Content starts

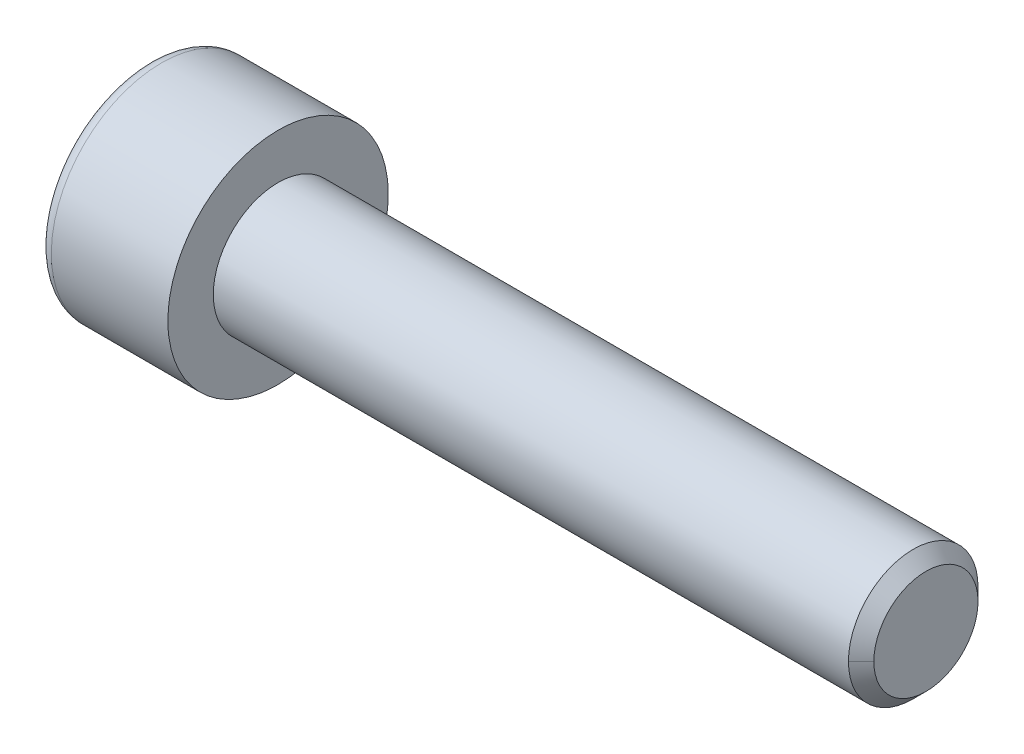
ISO-10303-21;
HEADER;
FILE_DESCRIPTION(('STEP AP214'),'2;1');
FILE_NAME('part.step','',(''),(''),'','','');
FILE_SCHEMA(('AUTOMOTIVE_DESIGN { 1 0 10303 214 1 1 1 1 }'));
ENDSEC;
DATA;
#1=APPLICATION_CONTEXT('core data for automotive mechanical design processes');
#2=APPLICATION_PROTOCOL_DEFINITION('international standard','automotive_design',2000,#1);
#3=PRODUCT_CONTEXT('',#1,'mechanical');
#4=PRODUCT('Part','Part','',(#3));
#5=PRODUCT_RELATED_PRODUCT_CATEGORY('part','',(#4));
#6=PRODUCT_DEFINITION_FORMATION('','',#4);
#7=PRODUCT_DEFINITION_CONTEXT('part definition',#1,'design');
#8=PRODUCT_DEFINITION('design','',#6,#7);
#9=PRODUCT_DEFINITION_SHAPE('','',#8);
#10=(LENGTH_UNIT() NAMED_UNIT(*) SI_UNIT(.MILLI.,.METRE.));
#11=(NAMED_UNIT(*) PLANE_ANGLE_UNIT() SI_UNIT($,.RADIAN.));
#12=(NAMED_UNIT(*) SI_UNIT($,.STERADIAN.) SOLID_ANGLE_UNIT());
#13=UNCERTAINTY_MEASURE_WITH_UNIT(LENGTH_MEASURE(1.E-05),#10,'distance_accuracy_value','');
#14=(GEOMETRIC_REPRESENTATION_CONTEXT(3) GLOBAL_UNCERTAINTY_ASSIGNED_CONTEXT((#13)) GLOBAL_UNIT_ASSIGNED_CONTEXT((#10,
#11,#12)) REPRESENTATION_CONTEXT('',''));
#15=CARTESIAN_POINT('',(0.,0.,0.));
#16=DIRECTION('',(0.,0.,1.));
#17=DIRECTION('',(1.,0.,0.));
#18=AXIS2_PLACEMENT_3D('',#15,#16,#17);
#19=CARTESIAN_POINT('',(25.,-2.03335088,-2.03335088));
#20=DIRECTION('',(1.,0.,0.));
#21=DIRECTION('',(0.,1.,0.));
#22=AXIS2_PLACEMENT_3D('',#19,#20,#21);
#23=PLANE('',#22);
#24=CARTESIAN_POINT('',(25.,0.,0.));
#25=DIRECTION('',(-1.,0.,0.));
#26=DIRECTION('',(0.,0.,1.));
#27=AXIS2_PLACEMENT_3D('',#24,#25,#26);
#28=CIRCLE('',#27,2.00924);
#29=CARTESIAN_POINT('',(25.,-6.86836687895142E-10,-2.00923999999999));
#30=VERTEX_POINT('',#29);
#31=CARTESIAN_POINT('',(25.,-2.40554743613292E-10,2.00923999999999));
#32=VERTEX_POINT('',#31);
#33=EDGE_CURVE('E88',#30,#32,#28,.F.);
#34=ORIENTED_EDGE('',*,*,#33,.T.);
#35=CARTESIAN_POINT('',(25.,0.,0.));
#36=DIRECTION('',(-1.,0.,0.));
#37=DIRECTION('',(0.,0.,1.));
#38=AXIS2_PLACEMENT_3D('',#35,#36,#37);
#39=CIRCLE('',#38,2.00924);
#40=EDGE_CURVE('E21',#32,#30,#39,.F.);
#41=ORIENTED_EDGE('',*,*,#40,.T.);
#42=EDGE_LOOP('',(#34,#41));
#43=FACE_BOUND('',#42,.T.);
#44=ADVANCED_FACE('F17',(#43),#23,.T.);
#45=CARTESIAN_POINT('',(25.,0.,2.00924));
#46=CARTESIAN_POINT('',(24.50924,0.,2.5));
#47=(BOUNDED_CURVE() B_SPLINE_CURVE(1,(#45,#46),.UNSPECIFIED.,.F.,
.F.) B_SPLINE_CURVE_WITH_KNOTS((2,2),(0.,1.00000000000004),
.UNSPECIFIED.) CURVE() GEOMETRIC_REPRESENTATION_ITEM() RATIONAL_B_SPLINE_CURVE((1.,1.)) REPRESENTATION_ITEM(''));
#48=CARTESIAN_POINT('',(1024.50924,0.,0.));
#49=DIRECTION('',(-1.,0.,0.));
#50=AXIS1_PLACEMENT('',#48,#49);
#51=SURFACE_OF_REVOLUTION('',#47,#50);
#52=ORIENTED_EDGE('',*,*,#40,.F.);
#53=DIRECTION('',(-0.707106781186547,-1.26986739101621E-10,0.707106781186548));
#54=VECTOR('',#53,1.);
#55=CARTESIAN_POINT('',(24.75462,-4.04899018551151E-10,2.25462));
#56=LINE('',#55,#54);
#57=CARTESIAN_POINT('',(24.50924,-2.24482960848809E-10,2.50000000000001));
#58=VERTEX_POINT('',#57);
#59=EDGE_CURVE('E91',#32,#58,#56,.T.);
#60=ORIENTED_EDGE('',*,*,#59,.T.);
#61=CARTESIAN_POINT('',(24.50924,0.,0.));
#62=DIRECTION('',(-1.,0.,0.));
#63=DIRECTION('',(0.,0.,1.));
#64=AXIS2_PLACEMENT_3D('',#61,#62,#63);
#65=CIRCLE('',#64,2.5);
#66=CARTESIAN_POINT('',(24.50924,-1.02551714257666E-09,-2.50000000000001));
#67=VERTEX_POINT('',#66);
#68=EDGE_CURVE('E95',#58,#67,#65,.F.);
#69=ORIENTED_EDGE('',*,*,#68,.T.);
#70=DIRECTION('',(0.707106781186547,2.90060050295602E-10,0.707106781186548));
#71=VECTOR('',#70,1.);
#72=CARTESIAN_POINT('',(24.75462,-9.24860583998472E-10,-2.25462));
#73=LINE('',#72,#71);
#74=EDGE_CURVE('E93',#67,#30,#73,.T.);
#75=ORIENTED_EDGE('',*,*,#74,.T.);
#76=EDGE_LOOP('',(#52,#60,#69,#75));
#77=FACE_BOUND('',#76,.T.);
#78=ADVANCED_FACE('F94',(#77),#51,.T.);
#79=CARTESIAN_POINT('',(25.0001414213562,0.,2.00909857864376));
#80=CARTESIAN_POINT('',(25.,0.,2.00924));
#81=CARTESIAN_POINT('',(24.50924,0.,2.5));
#82=(BOUNDED_CURVE() B_SPLINE_CURVE(1,(#79,#80,#81),.UNSPECIFIED.,.F.,
.F.) B_SPLINE_CURVE_WITH_KNOTS((2,1,2),(-0.000288168011927151,4.62494895986565E-11,1.),
.UNSPECIFIED.) CURVE() GEOMETRIC_REPRESENTATION_ITEM() RATIONAL_B_SPLINE_CURVE((1.,1.,1.)) REPRESENTATION_ITEM(''));
#83=CARTESIAN_POINT('',(1024.50924,0.,0.));
#84=DIRECTION('',(-1.,0.,0.));
#85=AXIS1_PLACEMENT('',#83,#84);
#86=SURFACE_OF_REVOLUTION('',#82,#85);
#87=ORIENTED_EDGE('',*,*,#74,.F.);
#88=CARTESIAN_POINT('',(24.50924,0.,0.));
#89=DIRECTION('',(-1.,0.,0.));
#90=DIRECTION('',(0.,0.,1.));
#91=AXIS2_PLACEMENT_3D('',#88,#89,#90);
#92=CIRCLE('',#91,2.5);
#93=EDGE_CURVE('E108',#67,#58,#92,.F.);
#94=ORIENTED_EDGE('',*,*,#93,.T.);
#95=ORIENTED_EDGE('',*,*,#59,.F.);
#96=ORIENTED_EDGE('',*,*,#33,.F.);
#97=EDGE_LOOP('',(#87,#94,#95,#96));
#98=FACE_BOUND('',#97,.T.);
#99=ADVANCED_FACE('F101',(#98),#86,.T.);
#100=CARTESIAN_POINT('',(-1.166666666,0.,0.));
#101=CARTESIAN_POINT('',(-2.508,0.,2.323257483));
#102=(BOUNDED_CURVE() B_SPLINE_CURVE(1,(#100,#101),.UNSPECIFIED.,.F.,
.F.) B_SPLINE_CURVE_WITH_KNOTS((2,2),(0.,1.),
.UNSPECIFIED.) CURVE() GEOMETRIC_REPRESENTATION_ITEM() RATIONAL_B_SPLINE_CURVE((1.,1.)) REPRESENTATION_ITEM(''));
#103=CARTESIAN_POINT('',(997.492,0.,0.));
#104=DIRECTION('',(-1.,0.,0.));
#105=AXIS1_PLACEMENT('',#103,#104);
#106=SURFACE_OF_REVOLUTION('',#102,#105);
#107=CARTESIAN_POINT('',(-1.166666666,0.,0.));
#108=VERTEX_POINT('',#107);
#109=VERTEX_LOOP('',#108);
#110=FACE_BOUND('',#109,.T.);
#111=CARTESIAN_POINT('',(-2.49999999994076,-2.,-1.15470053775231));
#112=CARTESIAN_POINT('',(-2.48567655165512,-2.,-1.10507931773432));
#113=CARTESIAN_POINT('',(-2.47198871078964,-2.,-1.05526823641219));
#114=CARTESIAN_POINT('',(-2.44604690640692,-2.,-0.955218692575869));
#115=CARTESIAN_POINT('',(-2.43379447460794,-2.,-0.904979833791241));
#116=CARTESIAN_POINT('',(-2.41091380130688,-2.,-0.804117092943882));
#117=CARTESIAN_POINT('',(-2.40028604275163,-2.,-0.753493101073635));
#118=CARTESIAN_POINT('',(-2.37601016772818,-2.,-0.626639542162072));
#119=CARTESIAN_POINT('',(-2.36348630626666,-2.,-0.550189309523977));
#120=CARTESIAN_POINT('',(-2.34306885503139,-2.,-0.396671574205417));
#121=CARTESIAN_POINT('',(-2.33517516655927,-2.,-0.319604084718113));
#122=CARTESIAN_POINT('',(-2.32268432555711,-2.,-0.139619688842338));
#123=CARTESIAN_POINT('',(-2.32003239400898,-2.,-0.0365584864338747));
#124=CARTESIAN_POINT('',(-2.32397535370215,-2.,0.169407104774963));
#125=CARTESIAN_POINT('',(-2.33057305877728,-2.,0.272311436318865));
#126=CARTESIAN_POINT('',(-2.35234479113069,-2.,0.477116467372633));
#127=CARTESIAN_POINT('',(-2.36751355138492,-2.,0.579017744182629));
#128=CARTESIAN_POINT('',(-2.40514304704038,-2.,0.781457900875611));
#129=CARTESIAN_POINT('',(-2.42760505461591,-2.,0.881996539881626));
#130=CARTESIAN_POINT('',(-2.46035679018023,-2.,1.01073167838896));
#131=CARTESIAN_POINT('',(-2.46797293838578,-2.,1.03963527257175));
#132=CARTESIAN_POINT('',(-2.48365524704736,-2.,1.09727927796046));
#133=CARTESIAN_POINT('',(-2.49172080087081,-2.,1.12601985408537));
#134=CARTESIAN_POINT('',(-2.49999999998173,-2.,1.15470053789423));
#135=B_SPLINE_CURVE_WITH_KNOTS('',3,(#111,#112,#113,#114,#115,#116,#117,#118,#119,#120,#121,
#122,#123,#124,#125,#126,#127,#128,#129,#130,#131,#132,#133,#134),.UNSPECIFIED.,.F.,.F.,(4,2,2,
2,2,2,2,2,2,2,2,4),(0.,0.154946742163082,0.310057349590026,0.465213975574503,0.697487987448034,
0.929757047907446,1.23861321261436,1.54756335490868,1.85632384950566,2.16513823071313,
2.25480717406297,2.34435787914655),.UNSPECIFIED.);
#136=CARTESIAN_POINT('',(-2.4999999998186,-1.99999999993079,-1.15470053803996));
#137=VERTEX_POINT('',#136);
#138=CARTESIAN_POINT('',(-2.49999999995344,-1.99999999986934,1.15470053802255));
#139=VERTEX_POINT('',#138);
#140=EDGE_CURVE('E400',#137,#139,#135,.T.);
#141=ORIENTED_EDGE('',*,*,#140,.T.);
#142=CARTESIAN_POINT('',(-2.49999999992515,-1.99999999973868,1.15470053815087));
#143=CARTESIAN_POINT('',(-2.48567655163891,-1.95702676264271,1.17951114816952));
#144=CARTESIAN_POINT('',(-2.47198871077284,-1.91388910083416,1.20441668884029));
#145=CARTESIAN_POINT('',(-2.44604690638884,-1.82724365424769,1.25444146077793));
#146=CARTESIAN_POINT('',(-2.43379447458918,-1.78373552628951,1.27956089018003));
#147=CARTESIAN_POINT('',(-2.4109138012866,-1.6963858304333,1.32999226062335));
#148=CARTESIAN_POINT('',(-2.40028604273051,-1.65254416743919,1.35530425656833));
#149=CARTESIAN_POINT('',(-2.37601016770505,-1.54268576287784,1.41873103604867));
#150=CARTESIAN_POINT('',(-2.36348630624236,-1.47647791929806,1.45695615238246));
#151=CARTESIAN_POINT('',(-2.3430688550045,-1.34352766060085,1.5337150200714));
#152=CARTESIAN_POINT('',(-2.33517516653094,-1.27678525690902,1.57224876482995));
#153=CARTESIAN_POINT('',(-2.32268432552556,-1.1209141978217,1.66224096280127));
#154=CARTESIAN_POINT('',(-2.32003239397535,-1.03166057840722,1.71377156402406));
#155=CARTESIAN_POINT('',(-2.32397535366393,-0.853289144146355,1.81675435966568));
#156=CARTESIAN_POINT('',(-2.33057305873656,-0.764171378885523,1.86820652545626));
#157=CARTESIAN_POINT('',(-2.35234479108477,-0.586805019200706,1.97060904102052));
#158=CARTESIAN_POINT('',(-2.36751355133635,-0.498555924820148,2.02155967944427));
#159=CARTESIAN_POINT('',(-2.40514304698655,-0.32323760640756,2.12277975782806));
#160=CARTESIAN_POINT('',(-2.4276050545595,-0.236168590981107,2.17304907734962));
#161=CARTESIAN_POINT('',(-2.46035679014959,-0.124680690593866,2.23741664668419));
#162=CARTESIAN_POINT('',(-2.46797293838541,-0.0996494436766156,2.25186844383778));
#163=CARTESIAN_POINT('',(-2.48365524711095,-0.0497282704466456,2.28069044665586));
#164=CARTESIAN_POINT('',(-2.4917208009681,-0.024838201309885,2.29506073477984));
#165=CARTESIAN_POINT('',(-2.50000000011427,-4.40704641312993E-10,2.30940107674556));
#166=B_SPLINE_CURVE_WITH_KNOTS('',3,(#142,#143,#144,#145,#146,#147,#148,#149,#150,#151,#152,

Content ends

• **INSTRUCTIONS FOR THE TASK**: Reproduce word for word the material above, starting with the line that has "#65=CIRCLE('',#64,2.5);" and stopping after the line that has "#75=ORIENTED_EDGE('',*,*,#74,.T.);".

• **COMPLETED EXERCISE**:
#65=CIRCLE('',#64,2.5);
#66=CARTESIAN_POINT('',(24.50924,-1.02551714257666E-09,-2.50000000000001));
#67=VERTEX_POINT('',#66);
#68=EDGE_CURVE('E95',#58,#67,#65,.F.);
#69=ORIENTED_EDGE('',*,*,#68,.T.);
#70=DIRECTION('',(0.707106781186547,2.90060050295602E-10,0.707106781186548));
#71=VECTOR('',#70,1.);
#72=CARTESIAN_POINT('',(24.75462,-9.24860583998472E-10,-2.25462));
#73=LINE('',#72,#71);
#74=EDGE_CURVE('E93',#67,#30,#73,.T.);
#75=ORIENTED_EDGE('',*,*,#74,.T.);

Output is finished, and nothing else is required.